The early adoption meant all I needed to change was to go no contact. Before that was offered as an official option, I made the change. Once DoorDash assigned a driver for a delivery, I sent a text to that driver telling them to sign for me and leave the groceries by the door. Eventually, the app caught up.

Wednesday’s tool: #paw_patrol_shovel. You won’t even have to ask a kid to help in the garden when you have a PAW Patrol shovel! Just hope they haven’t been watching old reruns of Hogan’s Heroes.

My cousins and I dug a huge hole in my grandmother’s yard one day after watching that show. We were planning a whole tunnel system, and we didn’t bother to ask permission. By the time we were discovered, the hole was four feet wide and three feet deep.

We knew by the fierceness with which my grandmother stomped her foot once we had gone too far. It’s the maddest I can ever remember seeing her.

Thursday’s tool: #pulse_ox. Seems as though silent hypoxia plagues many Covid-19 patients long before they feel shortness of breath. Measuring oxygen saturation levels early and seeking medical treatment sooner can mean a better outcome.

Em’s oxygen levels have to be monitored periodically so we’re quite familiar with the use of a pulse oximeter. It doesn’t require any special skill and may help some patients avoid the need for a ventilator. https://www.nytimes.com/2020/04/20/opinion/sunday/coronavirus-testing-pneumonia.html

Friday’s tool: #technology. Without technology, I wouldn’t be able to see two of my grandchildren as they change and grow. I couldn’t order groceries online. My entertainment and news sources would be less plentiful. And I wouldn’t be able to do much of my job from home.

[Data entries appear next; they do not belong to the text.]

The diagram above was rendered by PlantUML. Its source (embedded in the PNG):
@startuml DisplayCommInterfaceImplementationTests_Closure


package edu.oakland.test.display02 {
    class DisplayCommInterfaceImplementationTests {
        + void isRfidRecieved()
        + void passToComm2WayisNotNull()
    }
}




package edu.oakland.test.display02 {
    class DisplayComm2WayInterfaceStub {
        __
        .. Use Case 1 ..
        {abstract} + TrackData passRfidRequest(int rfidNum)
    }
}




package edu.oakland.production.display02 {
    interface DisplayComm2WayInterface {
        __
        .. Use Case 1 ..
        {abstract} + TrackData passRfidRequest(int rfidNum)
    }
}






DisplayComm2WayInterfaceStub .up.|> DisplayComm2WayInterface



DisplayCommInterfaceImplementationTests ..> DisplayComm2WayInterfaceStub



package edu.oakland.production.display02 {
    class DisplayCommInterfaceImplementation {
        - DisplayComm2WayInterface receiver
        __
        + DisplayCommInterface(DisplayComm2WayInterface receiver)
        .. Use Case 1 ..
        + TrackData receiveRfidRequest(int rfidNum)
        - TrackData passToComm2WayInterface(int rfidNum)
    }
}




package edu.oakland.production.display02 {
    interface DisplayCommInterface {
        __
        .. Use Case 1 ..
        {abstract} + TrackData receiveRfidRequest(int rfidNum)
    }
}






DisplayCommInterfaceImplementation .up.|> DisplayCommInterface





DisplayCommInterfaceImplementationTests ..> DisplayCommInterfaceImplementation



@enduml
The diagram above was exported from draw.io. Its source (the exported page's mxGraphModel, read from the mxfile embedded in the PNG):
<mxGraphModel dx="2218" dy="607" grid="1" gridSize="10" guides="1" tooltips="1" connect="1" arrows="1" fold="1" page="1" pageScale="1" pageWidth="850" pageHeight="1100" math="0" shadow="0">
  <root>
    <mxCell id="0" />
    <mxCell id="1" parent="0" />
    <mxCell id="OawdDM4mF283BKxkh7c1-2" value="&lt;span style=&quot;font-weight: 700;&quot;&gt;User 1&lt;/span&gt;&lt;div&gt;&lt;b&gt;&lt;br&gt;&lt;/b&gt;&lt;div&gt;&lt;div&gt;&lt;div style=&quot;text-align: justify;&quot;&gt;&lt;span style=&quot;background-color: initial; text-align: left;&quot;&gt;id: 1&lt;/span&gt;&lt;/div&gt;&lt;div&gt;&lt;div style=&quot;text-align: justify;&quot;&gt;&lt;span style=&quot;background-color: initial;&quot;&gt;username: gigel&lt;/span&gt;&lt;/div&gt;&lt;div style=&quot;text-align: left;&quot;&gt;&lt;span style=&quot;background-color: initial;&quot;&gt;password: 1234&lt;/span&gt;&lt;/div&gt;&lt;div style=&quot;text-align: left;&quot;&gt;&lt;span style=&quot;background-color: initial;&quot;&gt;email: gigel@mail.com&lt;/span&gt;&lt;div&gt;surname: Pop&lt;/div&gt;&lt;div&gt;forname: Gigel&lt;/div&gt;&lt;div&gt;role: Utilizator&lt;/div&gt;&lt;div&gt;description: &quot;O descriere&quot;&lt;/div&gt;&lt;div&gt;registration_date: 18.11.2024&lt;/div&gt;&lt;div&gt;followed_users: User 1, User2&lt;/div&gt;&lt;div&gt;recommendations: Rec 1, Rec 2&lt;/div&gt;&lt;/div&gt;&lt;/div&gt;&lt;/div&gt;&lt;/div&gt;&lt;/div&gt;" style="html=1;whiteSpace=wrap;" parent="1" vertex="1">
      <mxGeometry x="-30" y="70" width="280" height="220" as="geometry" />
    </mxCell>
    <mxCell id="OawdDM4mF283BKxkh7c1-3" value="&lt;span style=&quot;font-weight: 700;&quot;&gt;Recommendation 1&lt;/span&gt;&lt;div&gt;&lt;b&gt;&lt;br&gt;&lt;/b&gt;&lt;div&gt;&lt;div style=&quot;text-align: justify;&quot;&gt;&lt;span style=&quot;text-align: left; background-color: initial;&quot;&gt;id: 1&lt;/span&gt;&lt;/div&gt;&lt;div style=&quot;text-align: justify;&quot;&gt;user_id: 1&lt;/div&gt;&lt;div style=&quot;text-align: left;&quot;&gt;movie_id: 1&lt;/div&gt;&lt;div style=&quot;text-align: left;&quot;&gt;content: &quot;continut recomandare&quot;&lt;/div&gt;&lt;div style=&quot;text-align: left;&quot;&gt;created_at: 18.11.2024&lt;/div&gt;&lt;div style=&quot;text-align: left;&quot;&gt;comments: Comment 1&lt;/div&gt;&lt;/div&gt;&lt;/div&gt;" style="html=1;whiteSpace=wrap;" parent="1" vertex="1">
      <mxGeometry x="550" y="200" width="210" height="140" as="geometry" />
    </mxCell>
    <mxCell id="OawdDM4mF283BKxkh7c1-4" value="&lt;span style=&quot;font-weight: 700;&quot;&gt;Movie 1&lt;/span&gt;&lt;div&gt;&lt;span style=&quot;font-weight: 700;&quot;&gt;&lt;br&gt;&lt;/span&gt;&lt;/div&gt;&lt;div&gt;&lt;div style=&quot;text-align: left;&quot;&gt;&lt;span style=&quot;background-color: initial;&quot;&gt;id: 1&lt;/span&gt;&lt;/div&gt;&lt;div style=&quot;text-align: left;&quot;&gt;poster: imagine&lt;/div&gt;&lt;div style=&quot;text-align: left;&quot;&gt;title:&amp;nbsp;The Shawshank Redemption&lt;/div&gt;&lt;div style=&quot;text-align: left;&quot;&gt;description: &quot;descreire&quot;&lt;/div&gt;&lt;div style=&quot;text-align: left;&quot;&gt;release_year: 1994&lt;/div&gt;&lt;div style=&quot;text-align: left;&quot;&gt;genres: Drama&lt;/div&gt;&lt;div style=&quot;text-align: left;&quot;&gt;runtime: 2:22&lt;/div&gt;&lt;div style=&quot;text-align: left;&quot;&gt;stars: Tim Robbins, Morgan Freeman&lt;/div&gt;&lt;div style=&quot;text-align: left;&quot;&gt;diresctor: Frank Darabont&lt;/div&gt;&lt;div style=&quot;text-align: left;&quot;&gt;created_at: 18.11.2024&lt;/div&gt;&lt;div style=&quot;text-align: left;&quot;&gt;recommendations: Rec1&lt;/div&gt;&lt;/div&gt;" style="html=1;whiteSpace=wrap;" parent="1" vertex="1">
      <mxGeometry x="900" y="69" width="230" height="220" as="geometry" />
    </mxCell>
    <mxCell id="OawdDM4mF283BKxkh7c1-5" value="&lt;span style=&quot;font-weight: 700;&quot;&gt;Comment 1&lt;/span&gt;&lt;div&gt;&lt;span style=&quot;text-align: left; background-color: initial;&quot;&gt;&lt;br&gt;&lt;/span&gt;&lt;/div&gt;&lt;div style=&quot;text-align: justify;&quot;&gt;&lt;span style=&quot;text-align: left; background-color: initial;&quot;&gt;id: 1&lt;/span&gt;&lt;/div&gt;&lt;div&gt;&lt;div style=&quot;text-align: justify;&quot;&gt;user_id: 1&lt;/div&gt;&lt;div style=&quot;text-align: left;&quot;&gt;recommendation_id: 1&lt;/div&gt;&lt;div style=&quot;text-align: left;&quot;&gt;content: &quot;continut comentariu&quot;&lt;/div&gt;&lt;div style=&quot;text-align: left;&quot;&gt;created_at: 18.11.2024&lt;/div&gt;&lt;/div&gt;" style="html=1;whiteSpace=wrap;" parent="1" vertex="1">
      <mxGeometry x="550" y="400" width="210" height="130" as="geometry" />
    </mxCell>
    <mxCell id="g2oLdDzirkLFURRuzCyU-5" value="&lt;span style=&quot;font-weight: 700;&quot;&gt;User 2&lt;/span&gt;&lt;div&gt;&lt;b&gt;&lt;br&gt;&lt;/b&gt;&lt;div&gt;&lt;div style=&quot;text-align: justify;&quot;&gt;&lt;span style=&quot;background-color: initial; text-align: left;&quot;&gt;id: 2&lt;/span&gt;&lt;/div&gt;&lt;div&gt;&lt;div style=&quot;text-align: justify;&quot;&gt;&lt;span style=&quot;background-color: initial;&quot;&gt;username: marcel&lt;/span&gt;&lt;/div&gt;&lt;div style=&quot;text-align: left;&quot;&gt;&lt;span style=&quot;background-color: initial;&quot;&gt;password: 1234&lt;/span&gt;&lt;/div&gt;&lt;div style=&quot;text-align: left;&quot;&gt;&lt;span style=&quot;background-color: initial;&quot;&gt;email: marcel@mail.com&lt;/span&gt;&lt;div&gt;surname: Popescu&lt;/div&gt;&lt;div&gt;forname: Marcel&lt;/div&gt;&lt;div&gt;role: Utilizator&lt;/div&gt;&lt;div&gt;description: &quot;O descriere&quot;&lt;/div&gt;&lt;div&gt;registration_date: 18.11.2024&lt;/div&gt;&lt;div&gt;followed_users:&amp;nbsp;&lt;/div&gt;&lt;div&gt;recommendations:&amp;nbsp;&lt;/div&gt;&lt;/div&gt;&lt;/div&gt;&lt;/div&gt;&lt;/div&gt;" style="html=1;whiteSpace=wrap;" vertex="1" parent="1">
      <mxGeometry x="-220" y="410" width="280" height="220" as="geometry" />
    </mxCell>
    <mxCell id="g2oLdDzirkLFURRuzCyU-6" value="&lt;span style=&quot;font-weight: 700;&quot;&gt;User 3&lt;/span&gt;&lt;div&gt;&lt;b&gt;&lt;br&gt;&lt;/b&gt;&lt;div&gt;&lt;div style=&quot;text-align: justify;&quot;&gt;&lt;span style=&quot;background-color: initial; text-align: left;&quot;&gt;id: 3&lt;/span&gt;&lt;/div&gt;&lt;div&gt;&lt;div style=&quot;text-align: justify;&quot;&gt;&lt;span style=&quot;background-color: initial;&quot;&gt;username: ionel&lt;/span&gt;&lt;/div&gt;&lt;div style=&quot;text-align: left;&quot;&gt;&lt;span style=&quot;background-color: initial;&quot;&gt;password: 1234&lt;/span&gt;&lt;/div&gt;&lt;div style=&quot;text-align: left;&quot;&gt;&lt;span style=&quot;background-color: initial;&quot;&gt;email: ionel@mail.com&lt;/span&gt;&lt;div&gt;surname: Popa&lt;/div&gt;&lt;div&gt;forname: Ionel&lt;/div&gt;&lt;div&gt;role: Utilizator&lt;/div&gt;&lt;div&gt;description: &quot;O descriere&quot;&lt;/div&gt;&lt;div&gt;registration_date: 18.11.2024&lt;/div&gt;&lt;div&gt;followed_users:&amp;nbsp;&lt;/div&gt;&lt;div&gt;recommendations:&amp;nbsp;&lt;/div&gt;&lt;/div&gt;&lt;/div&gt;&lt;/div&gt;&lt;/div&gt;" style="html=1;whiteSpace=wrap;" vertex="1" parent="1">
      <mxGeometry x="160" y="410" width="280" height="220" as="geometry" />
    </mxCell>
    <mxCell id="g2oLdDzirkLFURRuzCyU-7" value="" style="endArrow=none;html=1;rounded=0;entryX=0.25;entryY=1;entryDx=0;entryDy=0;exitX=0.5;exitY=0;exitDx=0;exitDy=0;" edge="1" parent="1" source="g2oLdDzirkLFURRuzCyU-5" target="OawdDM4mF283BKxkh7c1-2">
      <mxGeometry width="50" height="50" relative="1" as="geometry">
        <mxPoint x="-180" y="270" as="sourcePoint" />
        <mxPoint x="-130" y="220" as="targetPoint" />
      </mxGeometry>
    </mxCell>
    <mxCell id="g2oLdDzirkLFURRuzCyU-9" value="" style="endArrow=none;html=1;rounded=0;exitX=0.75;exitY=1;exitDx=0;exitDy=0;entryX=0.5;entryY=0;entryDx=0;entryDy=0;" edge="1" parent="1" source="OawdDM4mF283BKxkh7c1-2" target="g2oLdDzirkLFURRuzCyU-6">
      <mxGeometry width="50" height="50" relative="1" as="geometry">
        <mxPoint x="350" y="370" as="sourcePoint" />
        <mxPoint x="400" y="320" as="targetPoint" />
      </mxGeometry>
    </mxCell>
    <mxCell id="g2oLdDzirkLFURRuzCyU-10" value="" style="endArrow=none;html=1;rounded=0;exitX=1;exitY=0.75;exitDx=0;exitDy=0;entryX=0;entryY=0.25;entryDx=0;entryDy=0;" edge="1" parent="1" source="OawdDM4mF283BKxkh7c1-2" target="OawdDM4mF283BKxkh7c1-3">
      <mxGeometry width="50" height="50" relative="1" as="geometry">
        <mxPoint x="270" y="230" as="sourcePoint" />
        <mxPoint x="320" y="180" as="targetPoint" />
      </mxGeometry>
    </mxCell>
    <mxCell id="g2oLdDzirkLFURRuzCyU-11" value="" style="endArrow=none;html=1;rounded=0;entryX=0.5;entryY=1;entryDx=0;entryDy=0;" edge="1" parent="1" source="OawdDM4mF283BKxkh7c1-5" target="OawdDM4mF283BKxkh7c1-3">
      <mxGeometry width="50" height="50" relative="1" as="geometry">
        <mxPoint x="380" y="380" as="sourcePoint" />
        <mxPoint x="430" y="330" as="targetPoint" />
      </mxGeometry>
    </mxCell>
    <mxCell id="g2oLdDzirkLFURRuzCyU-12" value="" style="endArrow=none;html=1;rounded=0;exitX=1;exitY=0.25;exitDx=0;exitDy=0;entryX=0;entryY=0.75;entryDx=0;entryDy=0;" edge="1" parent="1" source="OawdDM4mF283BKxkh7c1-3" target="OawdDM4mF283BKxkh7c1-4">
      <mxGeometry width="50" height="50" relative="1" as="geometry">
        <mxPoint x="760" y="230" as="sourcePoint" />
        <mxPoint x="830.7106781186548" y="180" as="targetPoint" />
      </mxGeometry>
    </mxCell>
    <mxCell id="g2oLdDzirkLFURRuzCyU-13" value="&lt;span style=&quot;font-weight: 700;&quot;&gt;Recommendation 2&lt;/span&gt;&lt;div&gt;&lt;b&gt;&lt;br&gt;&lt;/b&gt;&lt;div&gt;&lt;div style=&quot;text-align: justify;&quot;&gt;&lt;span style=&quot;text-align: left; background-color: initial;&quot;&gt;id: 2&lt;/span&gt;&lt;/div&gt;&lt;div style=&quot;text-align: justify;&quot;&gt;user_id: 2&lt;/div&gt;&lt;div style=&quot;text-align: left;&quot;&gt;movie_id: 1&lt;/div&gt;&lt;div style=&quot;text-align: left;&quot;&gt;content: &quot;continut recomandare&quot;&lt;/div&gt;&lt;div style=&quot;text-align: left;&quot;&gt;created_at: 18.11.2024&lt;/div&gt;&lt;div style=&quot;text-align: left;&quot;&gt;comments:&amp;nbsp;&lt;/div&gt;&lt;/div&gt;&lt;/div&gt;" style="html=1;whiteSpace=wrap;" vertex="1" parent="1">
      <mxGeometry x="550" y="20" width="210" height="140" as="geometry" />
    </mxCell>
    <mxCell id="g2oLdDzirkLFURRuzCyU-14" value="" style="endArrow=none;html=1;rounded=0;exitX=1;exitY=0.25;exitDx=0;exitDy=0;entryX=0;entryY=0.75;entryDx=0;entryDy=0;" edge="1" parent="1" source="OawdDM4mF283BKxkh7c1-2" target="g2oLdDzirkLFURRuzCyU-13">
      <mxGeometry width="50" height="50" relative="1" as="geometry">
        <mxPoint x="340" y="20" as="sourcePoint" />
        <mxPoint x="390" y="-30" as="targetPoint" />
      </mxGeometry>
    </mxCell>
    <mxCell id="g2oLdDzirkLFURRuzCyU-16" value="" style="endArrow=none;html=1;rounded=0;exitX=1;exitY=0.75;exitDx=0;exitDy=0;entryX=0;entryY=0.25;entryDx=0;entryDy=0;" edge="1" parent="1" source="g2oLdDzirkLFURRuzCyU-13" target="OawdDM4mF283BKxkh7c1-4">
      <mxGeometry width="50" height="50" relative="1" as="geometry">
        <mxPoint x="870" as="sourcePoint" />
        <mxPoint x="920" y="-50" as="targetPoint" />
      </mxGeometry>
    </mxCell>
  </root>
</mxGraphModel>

Rounding out the week, Saturday’s tool: #masks. I wear masks when I do certain projects around the house. My glasses tend to fog or shift so that I’m looking through the bifocal. I sometimes feel claustrophobic. I have to admit, I don’t love them.

In spite of that, they are the most important tool of the week! My friend who is director of pulmonary and critical care at a local hospital advises that the best way to protect yourself is to stay at home and only enter stores where masks are required and people actually wear them. Although his department gets the worst of the worst cases of Covid-19, he feels safer at the hospital than the grocery store!

I’ve been recruiting mask makers for that hospital. They are constantly in need. A friend is sending me some to use when I take a walk. Knowing that I can protect those around me is enough reason to make my peace with an accessory I don’t love.

Who knows what today’s tool will be? Scissors, tongs, power cord, remote, ladder, cultivator, magnetic letters, pitcher, needle nose pliers, fishing pole, earplugs, and hammer are contenders as are thoughtfulness, kindness, courage, laughter, and generosity.

The pandemic tool of the day will reveal itself in time. I’m looking forward to that moment of excitement and gratitude when I realize I have just what I need.

Disclosure of Material Connection: I have not received any compensation for writing this post. I have no material connection to the brands, products, or services that I have mentioned. I am disclosing this in accordance with the Federal Trade Commission’s 16 CFR, Part 255: “Guides Concerning the Use of Endorsements and Testimonials in Advertising.”